## Records from a collection
== Segment start ==
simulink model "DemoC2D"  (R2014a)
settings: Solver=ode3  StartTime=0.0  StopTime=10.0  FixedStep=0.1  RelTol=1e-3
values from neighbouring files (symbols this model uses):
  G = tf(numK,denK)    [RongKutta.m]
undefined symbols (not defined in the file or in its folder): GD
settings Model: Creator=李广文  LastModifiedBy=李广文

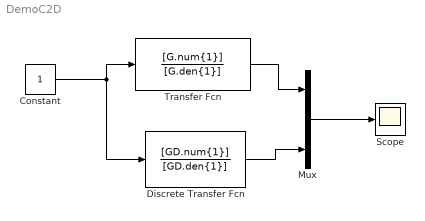
== system DemoC2D ==
  Constant : Constant
  Discrete Transfer Fcn : DiscreteTransferFcn  Numerator=[GD.num{1}]  Denominator=[GD.den{1}]
  Mux : Mux  Inputs=3
  Scope : Scope
  Transfer Fcn : TransferFcn  Numerator=[G.num{1}]  Denominator=[G.den{1}]
  wires:
  Constant/1 -> Discrete Transfer Fcn/1, Transfer Fcn/1
  Mux/1 -> Scope/1
  Transfer Fcn/1 -> Mux/1
  Discrete Transfer Fcn/1 -> Mux/3
== Segment end ==
## Instructions to follow
Would you reproduce the lines above, from the very first through the line containing "Transfer Fcn/1 -> Mux/1", exactly and without the pictures?

## Finished task
simulink model "DemoC2D"  (R2014a)
settings: Solver=ode3  StartTime=0.0  StopTime=10.0  FixedStep=0.1  RelTol=1e-3
values from neighbouring files (symbols this model uses):
  G = tf(numK,denK)    [RongKutta.m]
undefined symbols (not defined in the file or in its folder): GD
settings Model: Creator=李广文  LastModifiedBy=李广文

== system DemoC2D ==
  Constant : Constant
  Discrete Transfer Fcn : DiscreteTransferFcn  Numerator=[GD.num{1}]  Denominator=[GD.den{1}]
  Mux : Mux  Inputs=3
  Scope : Scope
  Transfer Fcn : TransferFcn  Numerator=[G.num{1}]  Denominator=[G.den{1}]
  wires:
  Constant/1 -> Discrete Transfer Fcn/1, Transfer Fcn/1
  Mux/1 -> Scope/1
  Transfer Fcn/1 -> Mux/1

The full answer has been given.